Significant First Quarter Developments

  •   Raised approximately $44.9 million through the sale of 2,050,000 common shares at $21.95 per share to an investor in a transaction that closed on March 31, 2005;
 
  •   Acquired Reston Business Campus, a four-building, 83,000-square-foot flex property in Reston, Virginia, for $11.7 million. The acquisition was funded with borrowings under the Company’s credit facility;
 
  •   Posted $1.8 million in earnest money deposits for the acquisitions of Enterprise Center and 1400 Cavalier Boulevard that closed subsequent to March 31, 2005; and
 
  •   Entered into a sublease related to the relocation of the Company’s corporate headquarters to 7600 Wisconsin Avenue in Bethesda, Maryland. Commencing July 1, 2005, the Company will lease 18,095 square feet over an 88 month term with a total rent obligation of $4,037,718.

Critical Accounting Policies and Estimates

     The Company’s consolidated and combined financial statements are prepared in accordance with accounting principles generally accepted in the United States of America (“GAAP”) that require the Company to make certain estimates and assumptions.
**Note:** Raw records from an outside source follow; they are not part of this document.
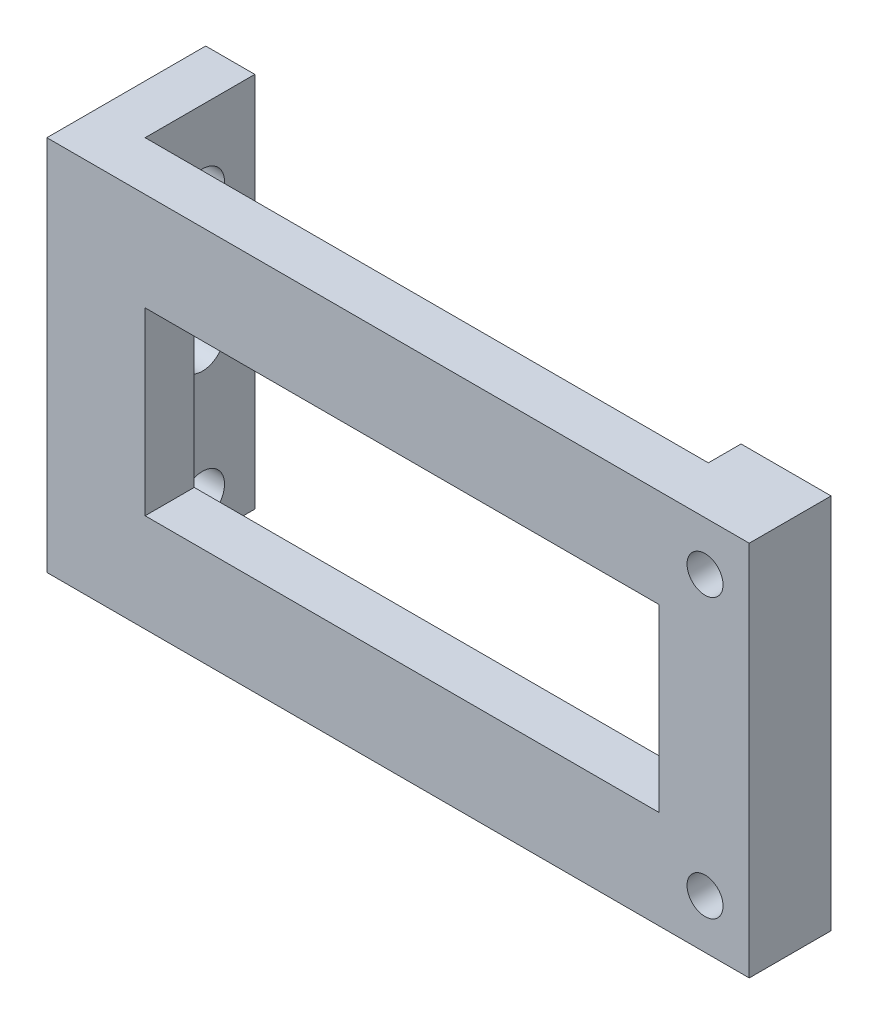
SolidWorks part; units mm, degrees
ref_plane "Front Plane" through (0, 0, 0) normal (0, 0, 1) x (1, 0, 0)
ref_plane "Top Plane" through (0, 0, 0) normal (0, 1, 0) x (1, 0, 0)
ref_plane "Right Plane" through (0, 0, 0) normal (1, 0, 0) x (0, 0, -1)
sketch "Sketch1" plane through (0, 0, 0) normal (0, 0, 1) x (1, 0, 0)
  line L0 (-15.45, 11.5) -> (-15.45, 5.5) construction
  line L1 (21.45, 11.5) -> (-21.45, 11.5)
  line L2 (21.45, 11.5) -> (21.45, -11.5)
  line L3 (21.45, -11.5) -> (-21.45, -11.5)
  line L4 (-21.45, 11.5) -> (-21.45, -11.5)
  line L5 (21.45, 11.5) -> (-21.45, -11.5) construction
  line L6 (21.45, -11.5) -> (-21.45, 11.5) construction
  line L7 (-21.45, 11.5) -> (-18.45, 11.5)
  line L8 (-21.45, 11.5) -> (-21.45, -11.5)
  line L9 (-21.45, -11.5) -> (-18.45, -11.5)
  line L10 (-18.45, 11.5) -> (-18.45, -11.5)
  line L11 (21.45, 11.5) -> (15.95, 11.5)
  line L12 (21.45, 11.5) -> (21.45, -11.5)
  line L13 (21.45, -11.5) -> (15.95, -11.5)
  line L14 (15.95, 11.5) -> (15.95, -11.5)
  line L15 (-15.45, 5.5) -> (15.95, 5.5)
  line L16 (-15.45, 5.5) -> (-15.45, -5.5)
  line L17 (-15.45, -5.5) -> (15.95, -5.5)
  line L18 (15.95, 5.5) -> (15.95, -5.5)
  line L19 (-15.45, 5.5) -> (-21.45, 5.5) construction
  line L20 (-15.45, -5.5) -> (-15.45, -11.5) construction
  circle A0 centre (18.75, -8.5) radius 1.1
  circle A1 centre (18.75, 8.5) radius 1.1
  point P0 (0, 0)
  dimension "D1" = 2.2
  dimension "D2" = 3
  dimension "D3" = 17
  dimension "D4" = 3
  dimension "D5" = 5.5
  dimension "D6" = 2.8
  dimension "D7" = 40.2
  dimension "D8" = 3
  dimension "D9" = 6
extrude "Boss-Extrude1" add sketch "Sketch1" against normal blind 3 contours L14 L1 L10 L3 region at (15.5362, 8.5, 0)
extrude "Boss-Extrude2" add sketch "Sketch1<3>" against normal blind 5 contours L1 L14 L3 L2 A1 A0 region at (18.6968, 0, 0)
sketch "Sketch1<3>" plane through (0, 0, 0) normal (0, 0, 1) x (1, 0, 0) same geometry as "Sketch1"
extrude "Boss-Extrude3" add sketch "Sketch1<4>" against normal blind 9.7 contours L10 L1 L4 L3 region at (-19.95, 0, 0)
sketch "Sketch1<4>" plane through (0, 0, 0) normal (0, 0, 1) x (1, 0, 0) same geometry as "Sketch1"
sketch "Sketch2" plane through (-21.45, 0, 0) normal (-1, 0, 0) x (0, 0, 1)
  line L1 (0, 11.5) -> (0, -11.5) construction
  circle A0 centre (-6.5, 6.75) radius 1.35
  dimension "D1" = 2.7
  dimension "D2" = 1.75
  dimension "D3" = 6.5
extrude "Cut-Extrude1" cut sketch "Sketch2" against normal up to surface (3 mm away) up to face at (-18.45, 0, -6.35)
pattern_linear "LPattern1" count 3 spacing 8 along (0, -1, 0) of "Cut-Extrude1"

Critical accounting policies and estimates are those that require subjective or complex judgments and are the policies and estimates that the Company deems most important to the portrayal of its financial condition and results of operations. The use of different reasonable estimates or assumptions in making these judgments could result in materially different amounts being reported in our Consolidated Financial Statements. The Company’s critical accounting policies relate to revenue recognition, including evaluation of the collectibility of accounts receivable, impairment of long-lived assets and purchase accounting for acquisitions of real estate.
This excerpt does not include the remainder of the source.